Now when I say that these outfits aren't aligning their practices with being able to revive their customers, I mean that they are performing sub-optimal perfusions. Rarely are they hiring Certified Clinical Perfusionists. I've read their accounts of their support teams being in a funeral home struggling for over an hour to find the femoral artery to perform a perfusion, when CCP's in life-saving situations do this kind of thing in minutes, doing a coronary artery perfusion, a superior location to perfuse but requiring more skill and time. Ridiculous, little more than medical theater.
This is absolute nonsense. There no fewer than four falsehoods in that paragraph.
1) CCPs don't perform femoral cannulations. They have no surgical skills at all. They run the machines used to perform clinical perfusions. Surgeons do vascular access and cannulation.
2) Cardiopulmonary bypass is very rarely used in time-sensitive situations in clinical medicine. When it is used to treat cardiac arrest, the vascular access route used is femoral, just like field cryonics. Surgeons of other specialists who can do percutaneous femoral cannulation fast enough to save the life of someone in cardiac arrest are rare, and virtually unavailable for something like cryonics. Hiring such a surgeon full-time would cost more than anyone in cryonics could pay, and they would quickly lose their skills from lack of practice because cryonics cases are so infrequent. The best bet is to try and hire surgeons on contract, train other specialists to do the surgery, or use morticians if they are the only help available, all of which cryonics does.
3) Most cannulations done in clinical medicine are not time-sensitive. They are done as part of elective surgeries on patients WHOSE HEARTS ARE BEATING during vascular access surgery and cannulation, and for whom there is therefore no time urgency, certainly not the urgency of someone in cardiac arrest.

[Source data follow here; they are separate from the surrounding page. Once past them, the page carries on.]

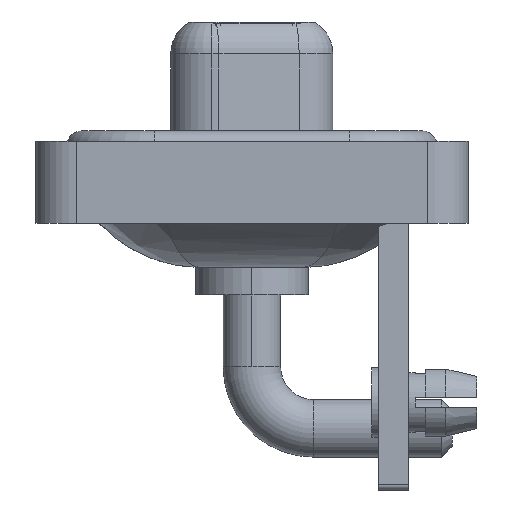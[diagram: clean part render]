
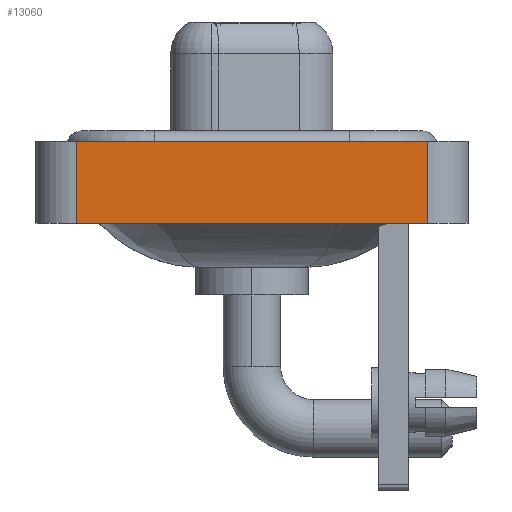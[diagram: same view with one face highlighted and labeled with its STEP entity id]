
A CAD part, left-side view. The second image highlights one B-rep face of the part: STEP entity #13060.
In plain terms, the highlighted planar face has unit normal (-1, 0, 0).
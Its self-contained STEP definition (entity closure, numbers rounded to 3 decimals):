
#833 = CARTESIAN_POINT ( 'NONE',  ( -7.25, -8.55, 0.4 ) ) ;
#969 = LINE ( 'NONE', #14893, #7427 ) ;
#2492 = DIRECTION ( 'NONE',  ( 0., 0., 1. ) ) ;
#3102 = DIRECTION ( 'NONE',  ( 0., 0., 1. ) ) ;
#3633 = VECTOR ( 'NONE', #11026, 1000. ) ;
#3867 = AXIS2_PLACEMENT_3D ( 'NONE', #16506, #15136, #2492 ) ;
#4194 = CARTESIAN_POINT ( 'NONE',  ( -7.25, -8.55, -3.6 ) ) ;
#4367 = LINE ( 'NONE', #4194, #10675 ) ;
#4560 = CARTESIAN_POINT ( 'NONE',  ( -7.25, 8.55, 0.4 ) ) ;
#5107 = DIRECTION ( 'NONE',  ( 0., -1., 0. ) ) ;
#5974 = VECTOR ( 'NONE', #3102, 1000. ) ;
#6306 = EDGE_LOOP ( 'NONE', ( #14576, #8192, #11162, #15173 ) ) ;
#7427 = VECTOR ( 'NONE', #5107, 1000. ) ;
#7653 = VERTEX_POINT ( 'NONE', #4560 ) ;
#8192 = ORIENTED_EDGE ( 'NONE', *, *, #16679, .F. ) ;
#10675 = VECTOR ( 'NONE', #15630, 1000. ) ;
#10847 = VERTEX_POINT ( 'NONE', #11815 ) ;
#10878 = PLANE ( 'NONE',  #3867 ) ;
#11026 = DIRECTION ( 'NONE',  ( 0., -1., 0. ) ) ;
#11029 = CARTESIAN_POINT ( 'NONE',  ( -7.25, -8.55, 0.4 ) ) ;
#11162 = ORIENTED_EDGE ( 'NONE', *, *, #16455, .F. ) ;
#11522 = VERTEX_POINT ( 'NONE', #11029 ) ;
#11815 = CARTESIAN_POINT ( 'NONE',  ( -7.25, 8.55, -3.6 ) ) ;
#12287 = LINE ( 'NONE', #17118, #5974 ) ;
#13060 = ADVANCED_FACE ( 'NONE', ( #13389 ), #10878, .T. ) ;
#13389 = FACE_OUTER_BOUND ( 'NONE', #6306, .T. ) ;
#13861 = EDGE_CURVE ( 'NONE', #10847, #16546, #969, .T. ) ;
#14576 = ORIENTED_EDGE ( 'NONE', *, *, #15723, .T. ) ;
#14893 = CARTESIAN_POINT ( 'NONE',  ( -7.25, -8.55, -3.6 ) ) ;
#15136 = DIRECTION ( 'NONE',  ( -1., 0., 0. ) ) ;
#15173 = ORIENTED_EDGE ( 'NONE', *, *, #13861, .T. ) ;
#15391 = CARTESIAN_POINT ( 'NONE',  ( -7.25, -8.55, -3.6 ) ) ;
#15630 = DIRECTION ( 'NONE',  ( 0., 0., 1. ) ) ;
#15723 = EDGE_CURVE ( 'NONE', #16546, #11522, #4367, .T. ) ;
#16455 = EDGE_CURVE ( 'NONE', #10847, #7653, #12287, .T. ) ;
#16485 = LINE ( 'NONE', #833, #3633 ) ;
#16506 = CARTESIAN_POINT ( 'NONE',  ( -7.25, -8.55, -3.6 ) ) ;
#16546 = VERTEX_POINT ( 'NONE', #15391 ) ;
#16679 = EDGE_CURVE ( 'NONE', #7653, #11522, #16485, .T. ) ;
#17118 = CARTESIAN_POINT ( 'NONE',  ( -7.25, 8.55, -3.6 ) ) ;

4) In the operating room at Alcor, Alcor does use the thoracic route and cannulates the aorta and right heart. As previously explained, these techniques were developed at Alcor by a researcher from a major university cardiothoracic research lab, and who used to himself teach cardiothoracic surgeons. That very same person, Jerry Leaf, did the surgery on the Dora Kent case that you wrote about. (Incidentally, there is difference between saying you think somebody committed a crime vs. saying that they actually committed a crime. Look up "defamation per se".)
In response to the narrative of alleged under-utilization of medical professionals in cryonics, I recently wrote the following elsewhere.
Except for the very small number of people who choose to sign up for it, practically no one values or cares about cryonics. No one takes the time to learn its premises, its history, the technologies it's predicated upon, or what technical elements will ultimately determine its success or failure. There are no schools or generally-recognized standards. No one cares. This includes mainstream medicine and mortuary science.
Against this backdrop, it's not credible that there is a conspiracy among cryonics companies-- companies run by people who want cryonics for themselves --to suppress a tide of experts who could easily step in and do cryonics better. There is no corps of knowledgeable physicians or morticians ready and able to deliver cryonics services that is being displaced by incompetent lay people.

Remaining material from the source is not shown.